Non bisogna inoltre dimenticare che parte dei ricchi giacimenti ucraini si trova sul territorio attualmente occupato dalle milizie russe. Senza neanche pensare ai territori rivendicati su cui ancora Mosca non è riuscita a mettere le mani, è evidente che gli Stati Uniti rischiano di non riscuotere mai la propria parte dell’accordo. Se c’è una parte fragile, però, questa resta l’Ucraina, che rischia di essere penalizzata ulteriormente, spostando soltanto il piano del conflitto.

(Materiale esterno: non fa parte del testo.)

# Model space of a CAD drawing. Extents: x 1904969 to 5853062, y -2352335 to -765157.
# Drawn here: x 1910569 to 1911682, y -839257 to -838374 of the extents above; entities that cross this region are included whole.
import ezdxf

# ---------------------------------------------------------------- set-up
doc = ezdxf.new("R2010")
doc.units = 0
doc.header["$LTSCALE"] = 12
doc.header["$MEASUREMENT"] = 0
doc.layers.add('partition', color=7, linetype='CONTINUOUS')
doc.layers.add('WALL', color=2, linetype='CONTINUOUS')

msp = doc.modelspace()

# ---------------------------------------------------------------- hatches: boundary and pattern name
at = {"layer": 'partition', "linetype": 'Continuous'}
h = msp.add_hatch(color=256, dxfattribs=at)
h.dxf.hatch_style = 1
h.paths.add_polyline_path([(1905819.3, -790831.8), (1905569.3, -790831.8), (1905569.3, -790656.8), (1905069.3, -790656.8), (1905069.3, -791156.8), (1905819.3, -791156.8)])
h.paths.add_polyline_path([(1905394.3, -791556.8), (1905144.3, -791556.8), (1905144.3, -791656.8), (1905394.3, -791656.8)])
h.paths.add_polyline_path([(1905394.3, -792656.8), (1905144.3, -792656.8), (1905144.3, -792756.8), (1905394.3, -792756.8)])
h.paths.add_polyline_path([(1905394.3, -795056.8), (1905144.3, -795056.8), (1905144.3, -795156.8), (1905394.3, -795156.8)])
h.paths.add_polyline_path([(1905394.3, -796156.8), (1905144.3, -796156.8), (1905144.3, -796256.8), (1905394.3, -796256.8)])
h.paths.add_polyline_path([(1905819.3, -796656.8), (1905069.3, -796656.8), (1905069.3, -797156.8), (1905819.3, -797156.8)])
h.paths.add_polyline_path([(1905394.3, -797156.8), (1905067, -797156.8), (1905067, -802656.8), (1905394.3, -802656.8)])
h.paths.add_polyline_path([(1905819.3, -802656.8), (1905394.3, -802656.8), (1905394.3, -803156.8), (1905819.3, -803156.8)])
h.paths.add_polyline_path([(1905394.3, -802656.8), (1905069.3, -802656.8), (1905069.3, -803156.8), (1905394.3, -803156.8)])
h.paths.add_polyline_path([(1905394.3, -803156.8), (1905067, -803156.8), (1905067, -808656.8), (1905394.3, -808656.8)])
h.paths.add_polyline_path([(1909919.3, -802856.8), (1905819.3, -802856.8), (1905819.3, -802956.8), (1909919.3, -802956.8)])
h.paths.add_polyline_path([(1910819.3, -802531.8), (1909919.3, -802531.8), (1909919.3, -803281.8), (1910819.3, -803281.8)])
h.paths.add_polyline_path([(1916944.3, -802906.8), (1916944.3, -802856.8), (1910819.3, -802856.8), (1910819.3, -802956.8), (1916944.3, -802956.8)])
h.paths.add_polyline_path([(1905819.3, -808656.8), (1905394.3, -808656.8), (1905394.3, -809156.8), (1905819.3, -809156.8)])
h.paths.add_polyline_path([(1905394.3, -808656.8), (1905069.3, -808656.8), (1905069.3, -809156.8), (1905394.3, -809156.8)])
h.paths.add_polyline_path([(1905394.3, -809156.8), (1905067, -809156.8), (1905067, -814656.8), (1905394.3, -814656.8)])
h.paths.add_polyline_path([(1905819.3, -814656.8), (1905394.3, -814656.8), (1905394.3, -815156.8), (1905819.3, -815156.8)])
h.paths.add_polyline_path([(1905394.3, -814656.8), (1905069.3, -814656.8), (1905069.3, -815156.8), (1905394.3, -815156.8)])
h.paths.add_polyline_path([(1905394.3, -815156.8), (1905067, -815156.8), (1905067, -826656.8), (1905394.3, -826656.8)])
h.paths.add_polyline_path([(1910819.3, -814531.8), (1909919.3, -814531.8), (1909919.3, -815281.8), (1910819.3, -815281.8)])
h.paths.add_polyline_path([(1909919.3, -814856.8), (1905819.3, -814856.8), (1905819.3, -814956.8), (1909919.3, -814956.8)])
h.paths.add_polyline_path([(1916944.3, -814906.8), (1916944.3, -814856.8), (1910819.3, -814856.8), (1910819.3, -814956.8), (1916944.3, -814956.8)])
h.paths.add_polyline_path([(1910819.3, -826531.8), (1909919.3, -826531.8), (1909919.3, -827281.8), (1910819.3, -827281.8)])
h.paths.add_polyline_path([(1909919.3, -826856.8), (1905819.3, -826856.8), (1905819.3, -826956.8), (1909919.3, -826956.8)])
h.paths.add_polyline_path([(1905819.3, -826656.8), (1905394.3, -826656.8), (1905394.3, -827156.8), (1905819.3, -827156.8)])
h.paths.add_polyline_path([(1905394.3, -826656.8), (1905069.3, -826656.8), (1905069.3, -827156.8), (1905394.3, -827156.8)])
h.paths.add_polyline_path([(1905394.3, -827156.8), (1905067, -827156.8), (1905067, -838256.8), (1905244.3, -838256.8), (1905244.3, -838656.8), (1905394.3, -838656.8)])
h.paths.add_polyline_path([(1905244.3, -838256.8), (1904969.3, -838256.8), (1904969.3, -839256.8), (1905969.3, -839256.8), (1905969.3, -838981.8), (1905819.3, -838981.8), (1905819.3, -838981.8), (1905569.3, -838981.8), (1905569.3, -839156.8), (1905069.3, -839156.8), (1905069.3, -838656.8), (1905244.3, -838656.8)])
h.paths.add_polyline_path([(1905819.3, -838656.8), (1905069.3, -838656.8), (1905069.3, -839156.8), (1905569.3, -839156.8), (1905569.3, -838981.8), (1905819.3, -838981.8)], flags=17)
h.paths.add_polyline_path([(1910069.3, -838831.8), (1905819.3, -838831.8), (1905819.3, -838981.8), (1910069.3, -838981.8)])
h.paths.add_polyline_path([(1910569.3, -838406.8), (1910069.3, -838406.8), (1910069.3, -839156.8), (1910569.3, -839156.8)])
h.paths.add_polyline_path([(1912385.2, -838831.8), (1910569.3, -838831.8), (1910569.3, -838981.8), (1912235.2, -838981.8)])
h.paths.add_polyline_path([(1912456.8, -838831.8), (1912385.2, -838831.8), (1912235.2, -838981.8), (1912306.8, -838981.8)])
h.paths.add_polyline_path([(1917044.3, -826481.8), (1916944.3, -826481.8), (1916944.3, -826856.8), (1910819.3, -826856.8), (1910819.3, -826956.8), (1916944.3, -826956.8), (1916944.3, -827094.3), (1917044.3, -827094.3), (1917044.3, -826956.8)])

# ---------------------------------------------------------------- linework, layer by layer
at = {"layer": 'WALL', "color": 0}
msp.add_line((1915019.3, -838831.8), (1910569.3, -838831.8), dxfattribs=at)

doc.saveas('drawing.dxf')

Dalla guerra armata contro la Russia si può passare allo sfruttamento intensivo di Washington, trovandosi a mano a mano con una posizione negoziale sempre più indebolita.
Secondo il presidente Zelensky questo accordo “non è una svendita delle risorse” e anche il premier ucraino Denys Shmygal rassicura sul fatto che l’Ucraina avrà “pieno controllo del suo sottosuolo, delle sue infrastrutture e delle sue risorse naturali”. L’interesse personale degli Stati Uniti può di certo stravolgere l’andamento del conflitto, ma prevedere l’esito non è così scontato come potrebbe apparire. In futuro, tutto dipenderà da come effettivamente l’accordo sarà applicato e rispettato dalle parti. Nel frattempo, si mettono basi solide per la ricostruzione del Paese. Non è ovviamente una criticità, ma non si deve dimenticare che nel frattempo non soltanto la guerra non è finita ma anche le ipotesi di tregua restano risicate.